Once again, clusters can have two different shapes:

• Suppose a cluster has $3$ vertices that all share the same $2$ elements: say, $\{1,2,3\}$, $\{1,2,4\}$,and $\{1,2,5\}$. Another vertex in the cluster that contained only one of $\{1,2\}$ would have to contain each of $3$, $4$, and $5$, which is impossible. So the cluster consists of $k$ vertices of the form $\{1,2,x\}$, which "use up" $k+2$ elements of $S$.
• Suppose a cluster has at most $2$ vertices sharing any $2$ elements. Then if $\{1,2,3\}$ is a vertex in the cluster, each other vertex in the cluster must contain two of $\{1,2,3\}$, but there can be at most one of each kind, for $4$ vertices total.

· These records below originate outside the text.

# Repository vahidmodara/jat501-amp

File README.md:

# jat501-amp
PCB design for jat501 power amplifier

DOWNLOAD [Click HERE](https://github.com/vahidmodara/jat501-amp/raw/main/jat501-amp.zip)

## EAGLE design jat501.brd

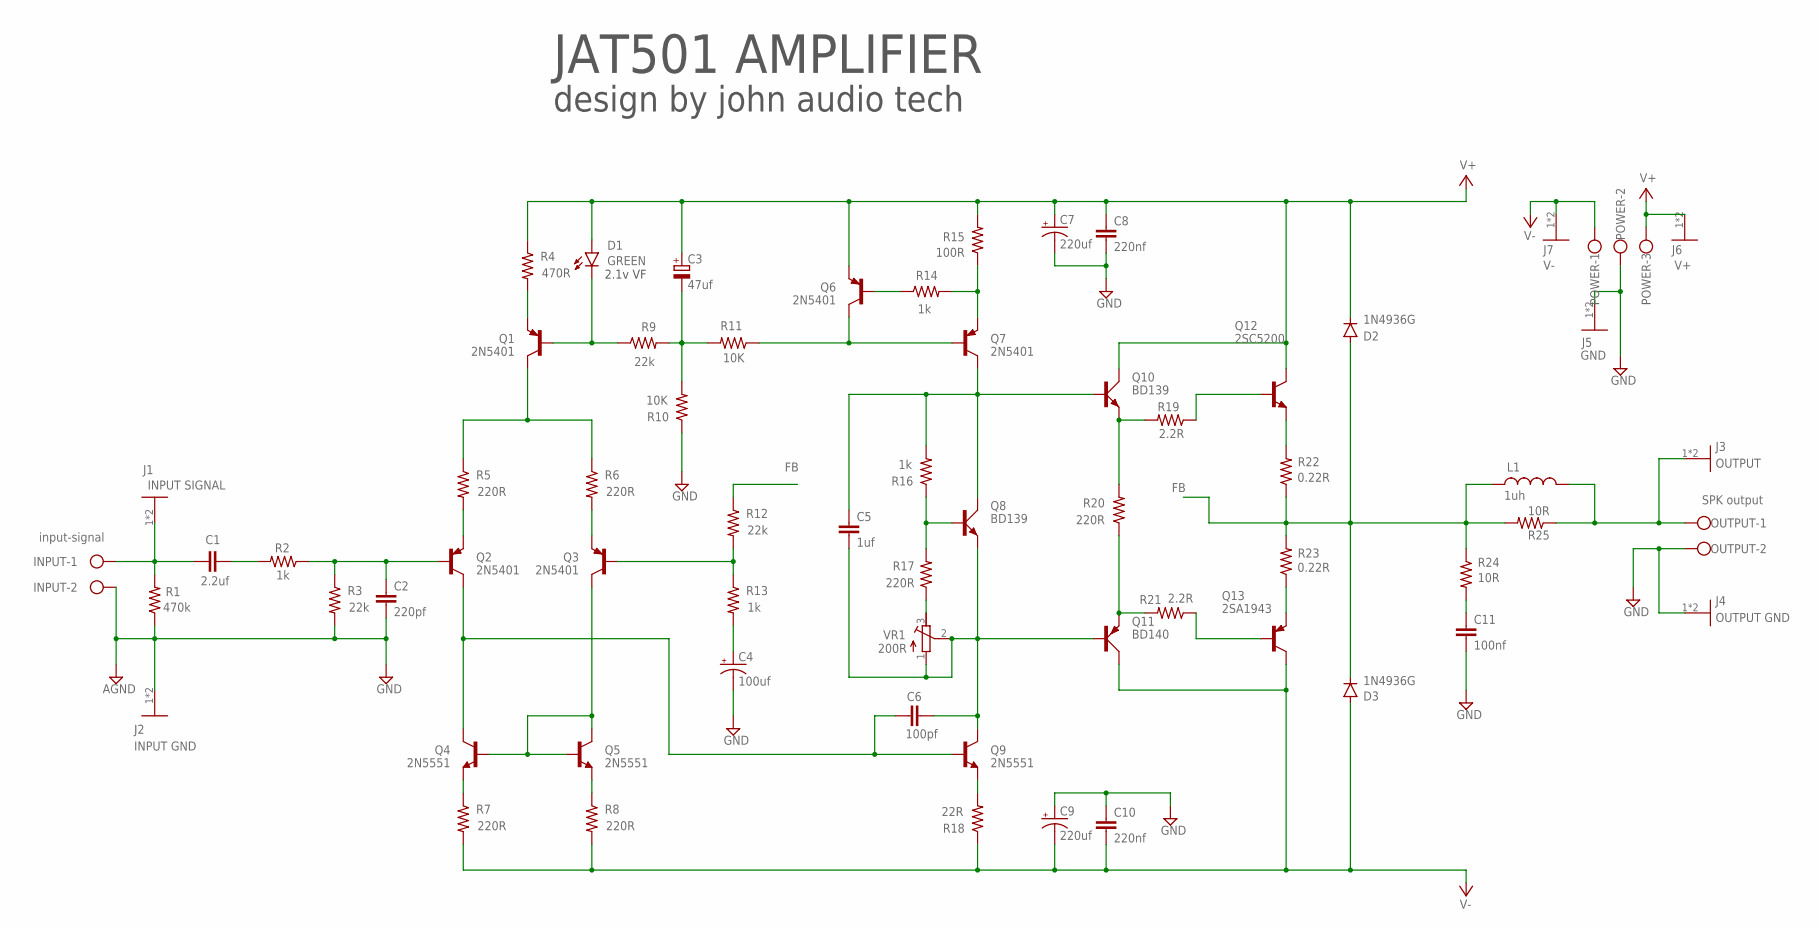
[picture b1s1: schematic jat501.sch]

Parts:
C1: 2.2uf; C150-072X183
C2: 220pf; C050-035X075
C3: 47uf; E5-8,5
C4: 100uf; E5-13
C5: 1uf; C075-063X106
C6: 100pf; C050-035X075
C7, C9: 220uf; E5-13
C8, C10: 220nf; C050-075X075
C11: 100nf; C050-075X075
D1: GREEN; LED_5MM-KIT
D2, D3: 1N4936G; DO41-10
INPUT: input-signal; W237-102
J1: INPUT SIGNAL; TE_1217861-1
J2: INPUT GND; TE_1217861-1
J3: OUTPUT; TE_1217861-1
J4: OUTPUT GND; TE_1217861-1
J5: GND; TE_1217861-1
J6: V+; TE_1217861-1
J7: V-; TE_1217861-1
L1: 1uh; TFI0510
OUTPUT: SPK output; W237-102
POWER: W237-103
Q1, Q2, Q3, Q6, Q7: 2N5401; TO92-EBC
Q4, Q5, Q9: 2N5551; TO92-EBC
Q8, Q10: BD139; TO126AV
Q11: BD140; TO126AV
Q12: 2SC5200; TO-264
Q13: 2SA1943; TO-264
R1: 470k; 0207/10
R2, R13, R14, R16: 1k; 0207/10
R3, R9, R12: 22k; 0207/10
R4: 470R; 0207/10
R5, R6, R7, R8, R17, R20: 220R; 0207/10
R10, R11: 10K; 0207/10
R15: 100R; 0207/10
R18: 22R; 0207/10
R19, R21: 2.2R; 0207/10
R22, R23: 0.22R; 0922/22
R24, R25: 10R; 0922/22
VR1: 200R; RTRIM64W

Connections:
FB: D2.A, D3.C, L1.1, R12.1, R22.1, R23.2, R24.1, R25.2
GND: C2.2, C4.-, C7.-, C8.2, C9.+, C10.1, C11.2, INPUT.2, J2.1, J2.2, J4.1, J4.2, J5.1, J5.2, OUTPUT.2, POWER.2, R1.1, R3.2, R10.1
unnamed: C1.1, INPUT.1, J1.1, J1.2, R1.2
unnamed: C2.1, Q2.B, R2.1, R3.1
unnamed: C1.2, R2.2
unnamed: Q1.C, R5.1, R6.1
unnamed: Q3.E, R6.2
unnamed: Q2.E, R5.2
unnamed: Q10.E, R19.2, R20.2
unnamed: Q3.C, Q4.B, Q5.B, Q5.C
unnamed: Q5.E, R8.1
unnamed: Q4.E, R7.1
unnamed: Q1.E, R4.2
unnamed: C11.1, R24.2
unnamed: D1.K (C), Q1.B, R9.1
unnamed: C3.-, R9.2, R10.2, R11.2
unnamed: Q6.C, Q7.B, R11.1
unnamed: Q3.B, R12.2, R13.1
unnamed: Q6.B, R14.1
unnamed: Q7.E, R14.2, R15.1
unnamed: C4.+, R13.2
unnamed: C5.1, Q7.C, Q8.C, Q10.B, R16.2
unnamed: Q8.B, R16.1, R17.2
unnamed: R17.1, VR1.3 (E)
unnamed: Q9.E, R18.2
unnamed: C5.2, C6.1, Q8.E, Q9.C, Q11.B, VR1.1 (A), VR1.2 (S)
unnamed: C6.2, Q2.C, Q4.C, Q9.B
unnamed: Q11.E, R20.1, R21.2
unnamed: Q12.B, R19.1
unnamed: Q13.B, R21.1
unnamed: Q13.E, R23.1
unnamed: Q12.E, R22.2
OUTPUT: J3.1, J3.2, L1.2, OUTPUT.1, R25.1
V+: C3.+, C7.+, C8.1, D1.A, D2.C, J6.1, J6.2, POWER.3, Q6.E, Q10.C, Q12.C, R4.1, R15.2
V-: C9.-, C10.2, D3.A, J7.1, J7.2, POWER.1, Q11.C, Q13.C, R7.2, R8.2, R18.1

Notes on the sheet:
JAT501 AMPLIFIER
design by john audio tech
2.1v VF

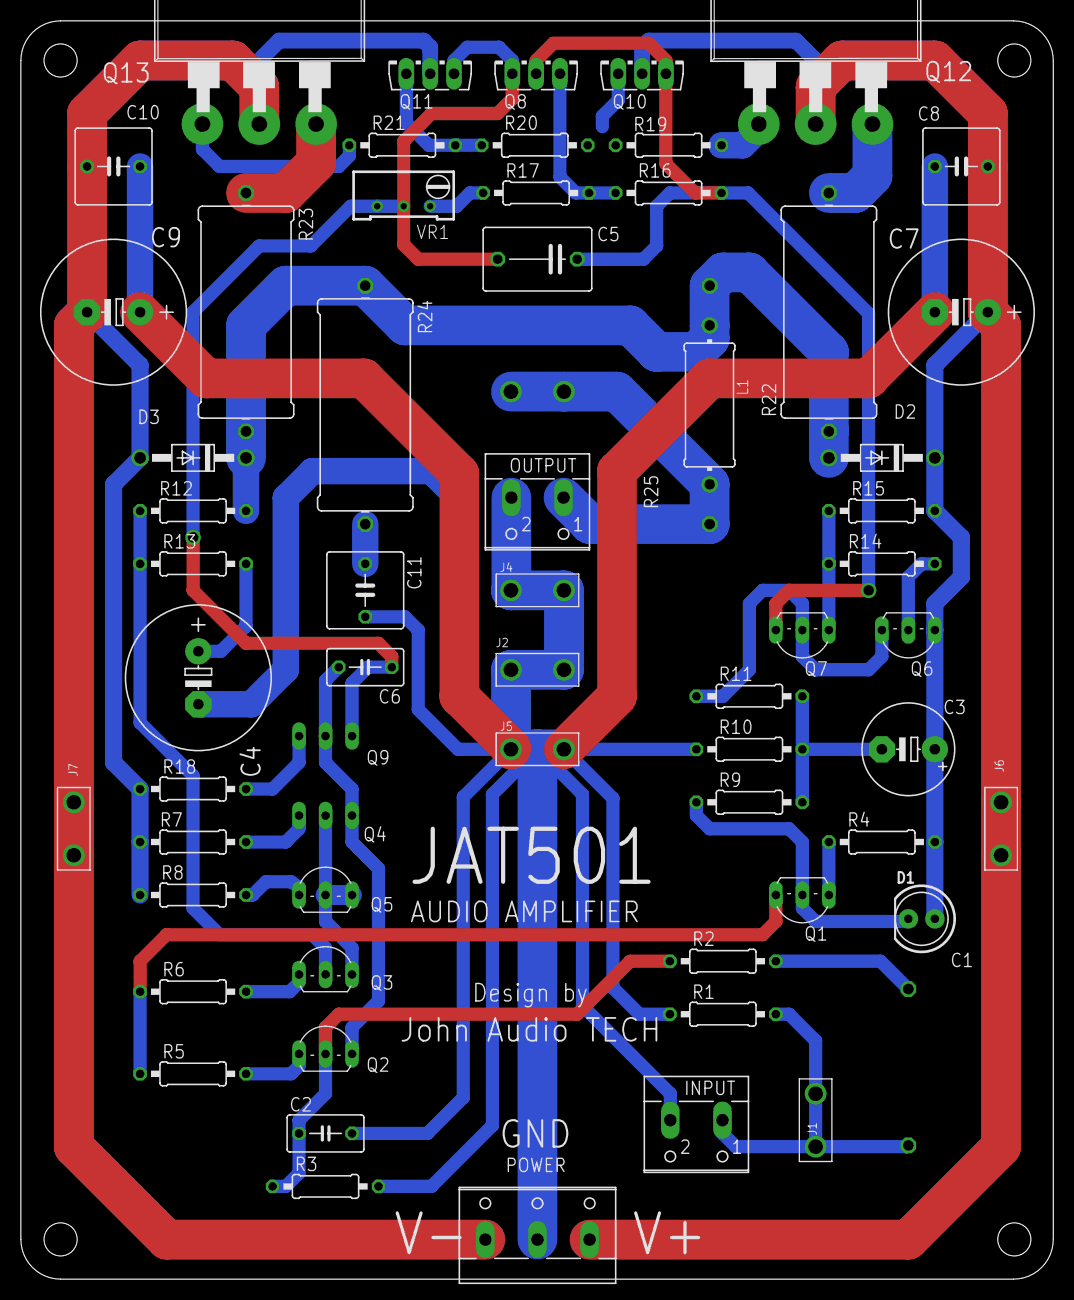
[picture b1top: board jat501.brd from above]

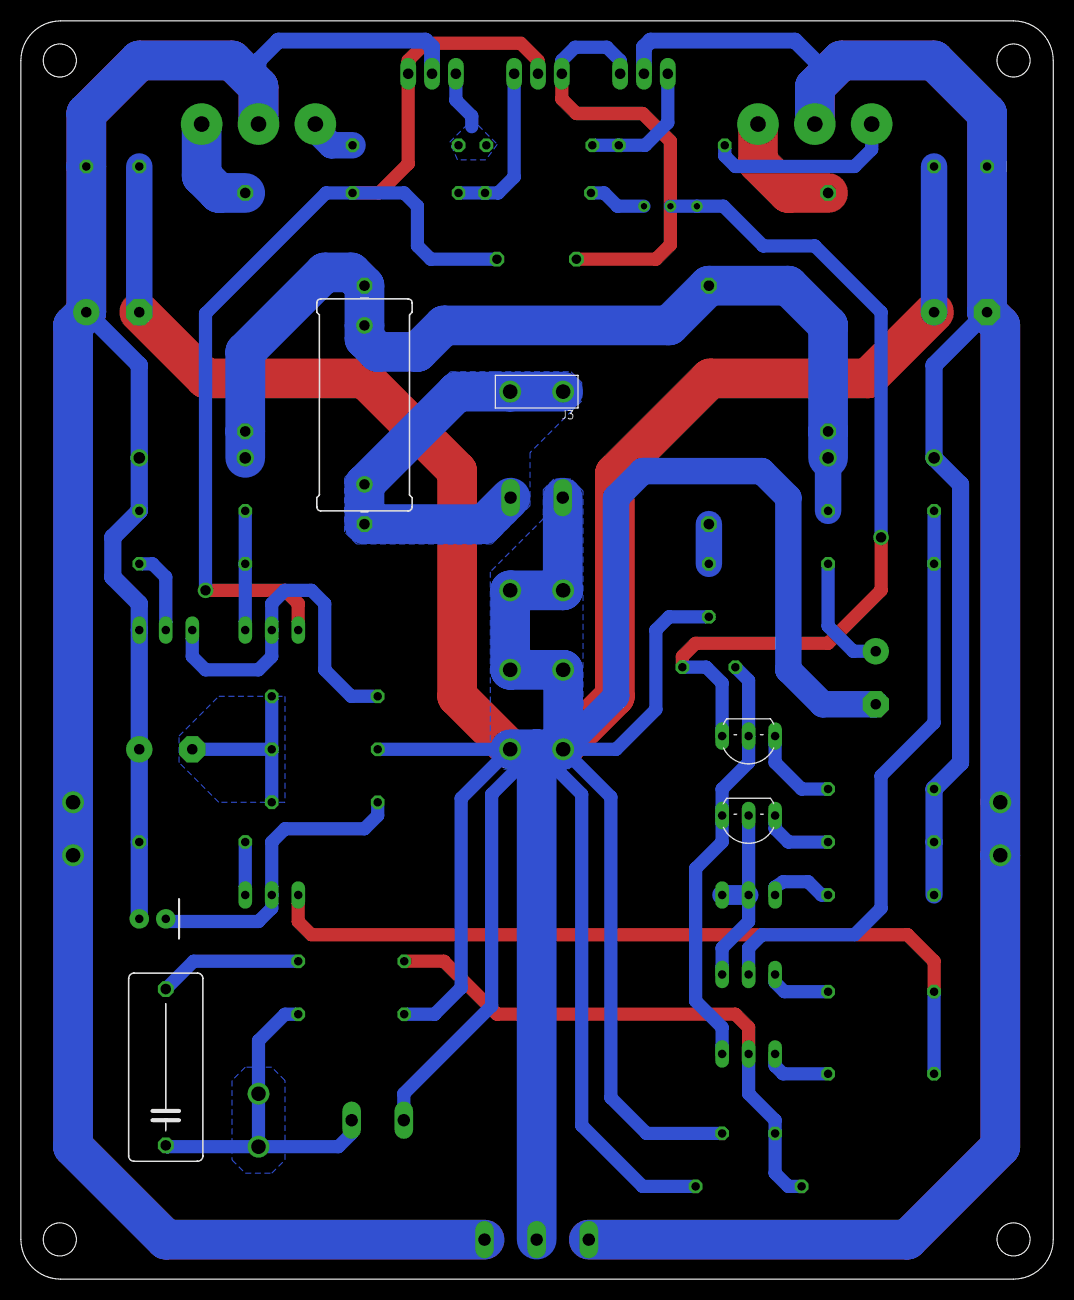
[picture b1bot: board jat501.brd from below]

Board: 2 copper layers, 99.0 x 120.6 mm, 64 parts (5 on the bottom side), 35 nets.

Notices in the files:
parts and their libraries:
SparkFun-LED: Licensing: Creative Commons ShareAlike 4.0 International - https://creativecommons.org/licenses/by-sa/4.0

These must use up at least $4$ elements of $S$, such as with $\{1,2,3\}, \{1,2,4\}, \{1,3,4\}, \{2,3,4\}$.

We see that a cluster using up $k$ elements of $S$ can contain at most $k$ vertices, so altogether the clusters can contain at most $S$ vertices. But this is only possible when all clusters are of the second type, and cover all elements of $S$, which requires $s \equiv 0 \pmod 4$.